Mengele

Philip Wharam & Tim Marriott
Smokescreen Productions
Assembly George Square Theatre

Mengele

Dragging himself choking from the surf into the presence of a curiously garbed young girl, Josef Mengele—the chief camp physician of Auschwtiz, mass murderer and "Angel of Death"—finds himself in a strange dreamlike purgatory, trying to justify his life and actions.

Performed in three distinct acts, Mengele takes itself rather seriously, which befits the subject matter, although Tim Merriott, who adapted the piece from Philip Wharam's novel Right to Live, portrays Mengele as a very human doctor, at first secretive and afraid then later cheerful and charming, before allowing his prideful boasting and arrogance to paint a complete portrait of an all too human monster.

While Stefanie Rossi performs the part of the enigmatic stranger, older than her years in wisdom and insight, she's given less to do and feels more like a facilitator, prodding and coaxing from Mengele the next link in the chains that will sink him.
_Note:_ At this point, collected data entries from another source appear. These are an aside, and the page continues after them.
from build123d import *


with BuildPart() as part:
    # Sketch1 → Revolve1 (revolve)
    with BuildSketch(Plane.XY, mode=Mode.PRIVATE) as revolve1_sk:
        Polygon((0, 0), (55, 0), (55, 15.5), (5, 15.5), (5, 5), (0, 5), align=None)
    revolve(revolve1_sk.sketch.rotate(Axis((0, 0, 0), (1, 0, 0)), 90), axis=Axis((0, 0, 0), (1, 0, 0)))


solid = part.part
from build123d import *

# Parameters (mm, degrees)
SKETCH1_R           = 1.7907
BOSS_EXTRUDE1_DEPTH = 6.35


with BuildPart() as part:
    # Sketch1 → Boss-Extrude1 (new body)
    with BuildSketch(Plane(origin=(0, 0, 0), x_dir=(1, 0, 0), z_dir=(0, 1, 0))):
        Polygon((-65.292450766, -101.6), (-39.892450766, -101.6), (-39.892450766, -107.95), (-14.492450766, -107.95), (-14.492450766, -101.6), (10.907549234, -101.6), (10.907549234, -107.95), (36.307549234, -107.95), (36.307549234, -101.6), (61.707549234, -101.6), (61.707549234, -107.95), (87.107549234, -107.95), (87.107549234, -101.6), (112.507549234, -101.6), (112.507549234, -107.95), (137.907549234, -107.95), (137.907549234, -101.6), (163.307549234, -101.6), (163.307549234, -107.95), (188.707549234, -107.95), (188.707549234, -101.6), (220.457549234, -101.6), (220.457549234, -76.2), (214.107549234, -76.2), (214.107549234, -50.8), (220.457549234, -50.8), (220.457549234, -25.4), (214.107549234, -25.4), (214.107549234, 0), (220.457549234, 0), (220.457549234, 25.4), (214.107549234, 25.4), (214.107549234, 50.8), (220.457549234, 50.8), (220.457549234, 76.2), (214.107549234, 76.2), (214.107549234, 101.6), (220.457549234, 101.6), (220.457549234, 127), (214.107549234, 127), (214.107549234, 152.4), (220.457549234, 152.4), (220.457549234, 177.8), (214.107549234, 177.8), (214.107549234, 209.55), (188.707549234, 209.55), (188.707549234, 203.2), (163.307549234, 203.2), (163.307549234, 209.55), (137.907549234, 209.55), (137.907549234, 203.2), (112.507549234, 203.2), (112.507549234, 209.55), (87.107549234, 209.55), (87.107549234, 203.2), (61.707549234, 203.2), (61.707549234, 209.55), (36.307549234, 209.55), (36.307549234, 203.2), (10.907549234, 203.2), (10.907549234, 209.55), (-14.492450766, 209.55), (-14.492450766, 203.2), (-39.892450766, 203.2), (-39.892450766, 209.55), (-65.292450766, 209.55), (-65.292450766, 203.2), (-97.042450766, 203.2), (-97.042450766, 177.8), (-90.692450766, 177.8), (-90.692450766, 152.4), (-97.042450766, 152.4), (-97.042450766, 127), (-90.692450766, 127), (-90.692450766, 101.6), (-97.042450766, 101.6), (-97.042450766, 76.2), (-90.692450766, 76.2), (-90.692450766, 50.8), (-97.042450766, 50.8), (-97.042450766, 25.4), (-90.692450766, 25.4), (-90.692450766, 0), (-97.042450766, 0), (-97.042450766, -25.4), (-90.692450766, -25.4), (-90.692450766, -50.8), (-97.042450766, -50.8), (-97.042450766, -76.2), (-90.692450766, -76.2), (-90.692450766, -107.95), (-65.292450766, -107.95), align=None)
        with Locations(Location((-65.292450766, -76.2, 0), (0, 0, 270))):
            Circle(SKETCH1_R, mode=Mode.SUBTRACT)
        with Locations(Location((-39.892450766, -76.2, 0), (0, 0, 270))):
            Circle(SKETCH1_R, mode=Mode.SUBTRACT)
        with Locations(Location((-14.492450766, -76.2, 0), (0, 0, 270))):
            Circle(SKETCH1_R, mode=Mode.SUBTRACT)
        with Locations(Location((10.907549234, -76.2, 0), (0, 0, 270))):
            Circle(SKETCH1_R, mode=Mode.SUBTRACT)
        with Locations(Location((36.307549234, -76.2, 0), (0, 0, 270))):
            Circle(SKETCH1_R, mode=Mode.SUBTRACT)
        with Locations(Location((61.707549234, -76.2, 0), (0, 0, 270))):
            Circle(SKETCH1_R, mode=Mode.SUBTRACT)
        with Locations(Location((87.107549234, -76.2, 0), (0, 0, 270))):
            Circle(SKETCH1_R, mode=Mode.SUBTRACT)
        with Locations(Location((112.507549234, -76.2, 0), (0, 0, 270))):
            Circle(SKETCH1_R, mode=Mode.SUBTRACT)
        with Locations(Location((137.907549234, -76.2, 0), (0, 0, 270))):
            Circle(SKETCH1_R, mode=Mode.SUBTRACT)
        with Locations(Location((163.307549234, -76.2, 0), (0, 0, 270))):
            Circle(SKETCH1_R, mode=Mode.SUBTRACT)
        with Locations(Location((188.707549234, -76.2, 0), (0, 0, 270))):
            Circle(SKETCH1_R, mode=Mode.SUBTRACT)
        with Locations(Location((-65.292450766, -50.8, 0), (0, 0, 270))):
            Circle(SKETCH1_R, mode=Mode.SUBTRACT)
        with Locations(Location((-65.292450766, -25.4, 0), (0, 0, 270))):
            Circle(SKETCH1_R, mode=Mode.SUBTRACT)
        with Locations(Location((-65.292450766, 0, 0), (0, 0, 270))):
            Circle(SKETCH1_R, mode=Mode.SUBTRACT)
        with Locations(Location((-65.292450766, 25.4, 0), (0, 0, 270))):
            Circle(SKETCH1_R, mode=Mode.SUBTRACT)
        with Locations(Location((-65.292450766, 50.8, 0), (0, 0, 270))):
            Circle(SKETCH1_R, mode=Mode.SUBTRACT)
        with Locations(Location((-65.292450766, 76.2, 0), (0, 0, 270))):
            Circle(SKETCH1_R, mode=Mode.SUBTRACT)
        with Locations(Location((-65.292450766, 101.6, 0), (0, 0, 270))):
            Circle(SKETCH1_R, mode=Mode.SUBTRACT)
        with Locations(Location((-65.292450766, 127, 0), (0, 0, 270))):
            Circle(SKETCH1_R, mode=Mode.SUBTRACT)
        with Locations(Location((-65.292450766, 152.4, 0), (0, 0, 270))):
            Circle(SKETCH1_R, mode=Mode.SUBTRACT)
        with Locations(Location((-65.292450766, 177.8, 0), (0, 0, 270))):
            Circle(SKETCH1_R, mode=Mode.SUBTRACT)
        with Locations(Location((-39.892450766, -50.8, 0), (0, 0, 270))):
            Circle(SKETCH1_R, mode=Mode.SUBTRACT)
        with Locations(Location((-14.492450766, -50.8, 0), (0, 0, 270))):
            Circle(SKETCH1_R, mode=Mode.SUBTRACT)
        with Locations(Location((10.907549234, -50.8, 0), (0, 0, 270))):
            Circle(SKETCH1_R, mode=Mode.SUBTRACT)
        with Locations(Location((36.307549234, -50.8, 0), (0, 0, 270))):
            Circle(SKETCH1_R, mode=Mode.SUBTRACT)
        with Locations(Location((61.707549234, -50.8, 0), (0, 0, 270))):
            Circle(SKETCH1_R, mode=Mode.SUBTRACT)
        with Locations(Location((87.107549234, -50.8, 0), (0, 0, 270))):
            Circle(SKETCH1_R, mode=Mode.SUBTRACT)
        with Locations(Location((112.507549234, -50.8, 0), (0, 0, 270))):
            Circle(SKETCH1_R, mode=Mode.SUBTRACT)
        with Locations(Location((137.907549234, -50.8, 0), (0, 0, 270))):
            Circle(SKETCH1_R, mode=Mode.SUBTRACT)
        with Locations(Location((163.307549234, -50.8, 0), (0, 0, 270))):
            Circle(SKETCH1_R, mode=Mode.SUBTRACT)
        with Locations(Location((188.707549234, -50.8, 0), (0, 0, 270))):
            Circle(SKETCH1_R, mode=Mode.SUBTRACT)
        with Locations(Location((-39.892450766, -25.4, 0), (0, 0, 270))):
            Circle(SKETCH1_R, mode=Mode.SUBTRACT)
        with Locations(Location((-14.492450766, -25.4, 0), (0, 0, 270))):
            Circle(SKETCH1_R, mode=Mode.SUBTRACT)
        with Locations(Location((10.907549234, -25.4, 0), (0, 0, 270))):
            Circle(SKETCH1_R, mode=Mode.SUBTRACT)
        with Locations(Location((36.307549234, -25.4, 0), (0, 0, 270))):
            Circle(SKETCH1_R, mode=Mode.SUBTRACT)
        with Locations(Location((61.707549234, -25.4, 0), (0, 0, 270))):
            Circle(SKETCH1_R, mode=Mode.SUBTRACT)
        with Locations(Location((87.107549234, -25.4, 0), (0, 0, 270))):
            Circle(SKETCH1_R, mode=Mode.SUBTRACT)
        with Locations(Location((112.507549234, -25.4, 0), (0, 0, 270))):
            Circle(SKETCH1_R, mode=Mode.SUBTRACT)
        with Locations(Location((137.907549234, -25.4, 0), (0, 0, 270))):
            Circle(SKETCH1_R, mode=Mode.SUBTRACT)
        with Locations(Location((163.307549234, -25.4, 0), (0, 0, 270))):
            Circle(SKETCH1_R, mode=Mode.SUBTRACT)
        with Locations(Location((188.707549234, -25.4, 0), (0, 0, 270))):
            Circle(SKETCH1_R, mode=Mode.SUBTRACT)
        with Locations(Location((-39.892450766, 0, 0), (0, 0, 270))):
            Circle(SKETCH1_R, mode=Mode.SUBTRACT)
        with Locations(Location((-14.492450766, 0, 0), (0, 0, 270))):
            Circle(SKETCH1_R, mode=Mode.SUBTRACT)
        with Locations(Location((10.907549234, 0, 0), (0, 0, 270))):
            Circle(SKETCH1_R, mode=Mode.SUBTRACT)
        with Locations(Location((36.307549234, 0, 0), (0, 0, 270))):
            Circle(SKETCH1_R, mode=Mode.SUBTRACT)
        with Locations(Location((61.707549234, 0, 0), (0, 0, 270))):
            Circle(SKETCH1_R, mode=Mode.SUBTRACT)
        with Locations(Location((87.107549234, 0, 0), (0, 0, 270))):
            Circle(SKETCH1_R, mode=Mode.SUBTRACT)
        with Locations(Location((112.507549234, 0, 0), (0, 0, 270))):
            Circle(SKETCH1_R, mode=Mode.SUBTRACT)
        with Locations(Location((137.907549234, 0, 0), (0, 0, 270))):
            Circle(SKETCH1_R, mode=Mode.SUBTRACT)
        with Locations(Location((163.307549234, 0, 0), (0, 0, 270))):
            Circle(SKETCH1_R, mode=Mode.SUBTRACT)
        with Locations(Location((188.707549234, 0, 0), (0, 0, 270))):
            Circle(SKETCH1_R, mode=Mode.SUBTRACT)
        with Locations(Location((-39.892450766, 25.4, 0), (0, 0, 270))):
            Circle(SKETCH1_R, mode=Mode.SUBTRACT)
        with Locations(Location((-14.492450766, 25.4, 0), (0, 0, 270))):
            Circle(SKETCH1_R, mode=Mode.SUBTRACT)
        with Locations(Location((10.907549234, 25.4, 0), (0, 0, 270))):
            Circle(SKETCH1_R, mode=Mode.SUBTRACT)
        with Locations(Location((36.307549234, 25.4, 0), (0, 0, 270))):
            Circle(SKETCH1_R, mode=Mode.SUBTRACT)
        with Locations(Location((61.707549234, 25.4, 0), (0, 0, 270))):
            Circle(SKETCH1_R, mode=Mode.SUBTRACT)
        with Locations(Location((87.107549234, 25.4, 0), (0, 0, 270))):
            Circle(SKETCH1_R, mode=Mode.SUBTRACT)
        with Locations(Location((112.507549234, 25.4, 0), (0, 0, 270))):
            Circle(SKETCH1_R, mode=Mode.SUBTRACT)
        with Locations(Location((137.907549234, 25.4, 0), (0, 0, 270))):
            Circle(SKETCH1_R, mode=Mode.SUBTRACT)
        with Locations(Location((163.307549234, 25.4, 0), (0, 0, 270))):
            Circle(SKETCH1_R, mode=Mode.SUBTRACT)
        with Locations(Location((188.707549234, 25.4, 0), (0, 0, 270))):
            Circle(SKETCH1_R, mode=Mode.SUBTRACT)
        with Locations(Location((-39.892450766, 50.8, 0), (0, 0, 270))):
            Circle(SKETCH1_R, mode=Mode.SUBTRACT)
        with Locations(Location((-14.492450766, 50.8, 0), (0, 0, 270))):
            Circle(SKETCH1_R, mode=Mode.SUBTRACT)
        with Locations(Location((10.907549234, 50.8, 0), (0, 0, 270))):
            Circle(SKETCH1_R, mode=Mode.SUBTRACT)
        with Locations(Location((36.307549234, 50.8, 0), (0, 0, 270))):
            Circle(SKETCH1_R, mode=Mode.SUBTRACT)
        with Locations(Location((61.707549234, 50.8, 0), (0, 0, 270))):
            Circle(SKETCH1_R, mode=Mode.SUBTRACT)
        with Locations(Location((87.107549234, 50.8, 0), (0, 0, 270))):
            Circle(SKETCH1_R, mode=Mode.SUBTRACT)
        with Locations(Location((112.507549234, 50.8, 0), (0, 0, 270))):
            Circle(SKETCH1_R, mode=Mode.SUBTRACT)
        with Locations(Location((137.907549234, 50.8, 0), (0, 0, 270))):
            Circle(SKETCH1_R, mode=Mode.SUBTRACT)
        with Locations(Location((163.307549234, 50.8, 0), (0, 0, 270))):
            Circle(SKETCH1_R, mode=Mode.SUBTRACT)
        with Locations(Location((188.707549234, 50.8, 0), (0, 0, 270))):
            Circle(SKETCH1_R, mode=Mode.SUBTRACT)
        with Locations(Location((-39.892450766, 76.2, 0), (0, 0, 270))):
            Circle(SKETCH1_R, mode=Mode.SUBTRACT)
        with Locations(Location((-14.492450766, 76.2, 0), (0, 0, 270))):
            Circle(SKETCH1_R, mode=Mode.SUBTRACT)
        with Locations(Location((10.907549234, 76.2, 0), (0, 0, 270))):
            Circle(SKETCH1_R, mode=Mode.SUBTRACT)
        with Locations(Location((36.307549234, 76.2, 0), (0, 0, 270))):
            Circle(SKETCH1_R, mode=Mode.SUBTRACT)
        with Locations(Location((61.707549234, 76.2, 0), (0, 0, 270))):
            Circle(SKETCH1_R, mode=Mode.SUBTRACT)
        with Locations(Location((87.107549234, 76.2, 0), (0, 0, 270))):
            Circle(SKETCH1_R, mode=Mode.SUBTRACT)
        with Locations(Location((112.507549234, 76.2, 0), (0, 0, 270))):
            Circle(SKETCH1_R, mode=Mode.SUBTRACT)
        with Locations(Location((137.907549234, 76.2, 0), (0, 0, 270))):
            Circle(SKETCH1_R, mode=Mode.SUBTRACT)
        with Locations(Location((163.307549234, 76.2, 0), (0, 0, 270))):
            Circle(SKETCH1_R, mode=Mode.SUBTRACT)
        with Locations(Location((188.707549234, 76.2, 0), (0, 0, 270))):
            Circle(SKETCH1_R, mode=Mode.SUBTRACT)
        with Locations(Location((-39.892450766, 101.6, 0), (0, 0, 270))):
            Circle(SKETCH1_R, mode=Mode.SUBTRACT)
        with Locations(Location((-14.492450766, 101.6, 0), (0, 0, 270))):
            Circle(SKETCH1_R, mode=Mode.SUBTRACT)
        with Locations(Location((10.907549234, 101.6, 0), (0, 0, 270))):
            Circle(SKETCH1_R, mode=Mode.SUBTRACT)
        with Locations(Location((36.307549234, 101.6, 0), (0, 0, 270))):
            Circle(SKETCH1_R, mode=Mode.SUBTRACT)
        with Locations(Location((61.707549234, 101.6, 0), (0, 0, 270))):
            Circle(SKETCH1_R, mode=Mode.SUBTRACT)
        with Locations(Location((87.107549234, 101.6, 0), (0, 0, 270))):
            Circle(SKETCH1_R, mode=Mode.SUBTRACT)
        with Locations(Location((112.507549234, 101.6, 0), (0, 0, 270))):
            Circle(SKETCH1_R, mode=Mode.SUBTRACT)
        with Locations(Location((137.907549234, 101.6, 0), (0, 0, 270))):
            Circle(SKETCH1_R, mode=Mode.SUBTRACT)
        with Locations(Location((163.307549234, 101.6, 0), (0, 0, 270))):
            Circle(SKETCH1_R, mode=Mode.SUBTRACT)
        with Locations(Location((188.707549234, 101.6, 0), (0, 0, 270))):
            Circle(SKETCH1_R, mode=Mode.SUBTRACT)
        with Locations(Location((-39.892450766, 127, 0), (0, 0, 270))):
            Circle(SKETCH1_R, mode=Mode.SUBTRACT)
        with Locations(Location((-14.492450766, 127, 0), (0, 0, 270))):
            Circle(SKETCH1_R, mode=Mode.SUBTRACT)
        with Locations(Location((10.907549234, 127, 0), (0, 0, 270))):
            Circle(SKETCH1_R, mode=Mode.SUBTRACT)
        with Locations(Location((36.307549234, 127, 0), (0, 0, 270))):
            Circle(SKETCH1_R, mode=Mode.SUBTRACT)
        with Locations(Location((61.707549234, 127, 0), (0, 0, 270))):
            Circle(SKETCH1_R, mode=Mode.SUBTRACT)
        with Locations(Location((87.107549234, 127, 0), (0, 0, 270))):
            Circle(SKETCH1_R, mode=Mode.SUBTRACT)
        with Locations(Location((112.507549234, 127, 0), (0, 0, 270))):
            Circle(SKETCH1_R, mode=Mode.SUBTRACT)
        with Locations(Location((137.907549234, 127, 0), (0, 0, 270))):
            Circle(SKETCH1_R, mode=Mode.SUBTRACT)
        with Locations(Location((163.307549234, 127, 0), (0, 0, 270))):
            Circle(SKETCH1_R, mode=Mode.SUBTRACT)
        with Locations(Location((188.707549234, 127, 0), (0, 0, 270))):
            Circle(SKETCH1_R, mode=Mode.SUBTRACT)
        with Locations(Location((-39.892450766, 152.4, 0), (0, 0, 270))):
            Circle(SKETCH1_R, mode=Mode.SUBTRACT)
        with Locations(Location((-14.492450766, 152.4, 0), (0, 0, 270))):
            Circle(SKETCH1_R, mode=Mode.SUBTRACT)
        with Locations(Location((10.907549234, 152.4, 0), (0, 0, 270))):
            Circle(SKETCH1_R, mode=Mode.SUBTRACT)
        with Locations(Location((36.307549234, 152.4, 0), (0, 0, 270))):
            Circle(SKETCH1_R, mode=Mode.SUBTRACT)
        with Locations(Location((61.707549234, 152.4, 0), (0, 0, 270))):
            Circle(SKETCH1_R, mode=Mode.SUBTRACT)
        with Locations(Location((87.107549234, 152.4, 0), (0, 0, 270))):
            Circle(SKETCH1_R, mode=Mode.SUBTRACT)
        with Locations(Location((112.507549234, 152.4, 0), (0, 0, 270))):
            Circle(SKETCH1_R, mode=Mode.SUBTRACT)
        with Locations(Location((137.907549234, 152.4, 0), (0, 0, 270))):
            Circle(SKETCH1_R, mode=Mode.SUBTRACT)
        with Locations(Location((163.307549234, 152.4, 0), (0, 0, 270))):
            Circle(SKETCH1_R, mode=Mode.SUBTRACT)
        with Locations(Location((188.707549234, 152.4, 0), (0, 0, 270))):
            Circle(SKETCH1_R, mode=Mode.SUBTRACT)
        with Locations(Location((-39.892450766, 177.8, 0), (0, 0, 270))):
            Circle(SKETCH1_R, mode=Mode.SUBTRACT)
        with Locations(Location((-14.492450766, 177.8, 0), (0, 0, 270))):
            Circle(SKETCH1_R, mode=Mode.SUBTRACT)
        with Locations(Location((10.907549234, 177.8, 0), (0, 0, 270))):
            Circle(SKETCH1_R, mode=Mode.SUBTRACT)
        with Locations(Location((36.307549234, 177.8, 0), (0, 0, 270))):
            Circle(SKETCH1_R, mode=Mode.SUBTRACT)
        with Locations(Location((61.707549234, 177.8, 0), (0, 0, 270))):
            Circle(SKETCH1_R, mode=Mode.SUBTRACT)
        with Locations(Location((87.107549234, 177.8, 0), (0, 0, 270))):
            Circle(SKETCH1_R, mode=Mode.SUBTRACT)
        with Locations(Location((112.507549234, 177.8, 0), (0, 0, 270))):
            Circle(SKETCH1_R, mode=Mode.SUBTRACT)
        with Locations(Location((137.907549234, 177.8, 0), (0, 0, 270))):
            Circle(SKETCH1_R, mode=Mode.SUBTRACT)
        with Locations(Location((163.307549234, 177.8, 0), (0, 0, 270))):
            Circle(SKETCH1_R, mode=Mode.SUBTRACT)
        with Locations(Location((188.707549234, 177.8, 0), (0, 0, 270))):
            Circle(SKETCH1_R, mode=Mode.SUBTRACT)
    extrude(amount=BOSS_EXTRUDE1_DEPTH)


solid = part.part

It's also a multimedia piece and, while I understand fully the decision to use both real photographs and film of Auschwitz as well as footage from Schindler's List to bookend the acts, it's a curious choice at one point to "borrow" part of Roy Batty's "Tears in Rain" soliloquy from the 1982 film Blade Runner.

It's unclear if Marriott included the line because thematically the sentiment fits, while there are also clear parallels that could be drawn between Mengele, Batty's existence as an engineered "perfect human" and even the disgraced knight Tannhäuser, as Wagner is another common reference. Or it could simply be because it's a line that sounds good, and frankly, it's most likely that will be how most audiences will receive it, with a clanging thud that pulls them out of the scene entirely.

Still, it's a powerhouse of a performance and, although we're never in any real doubt of how it will end, it's a satisfying and terrifying look into the heart of human cruelty and the masks of self deception which it wears.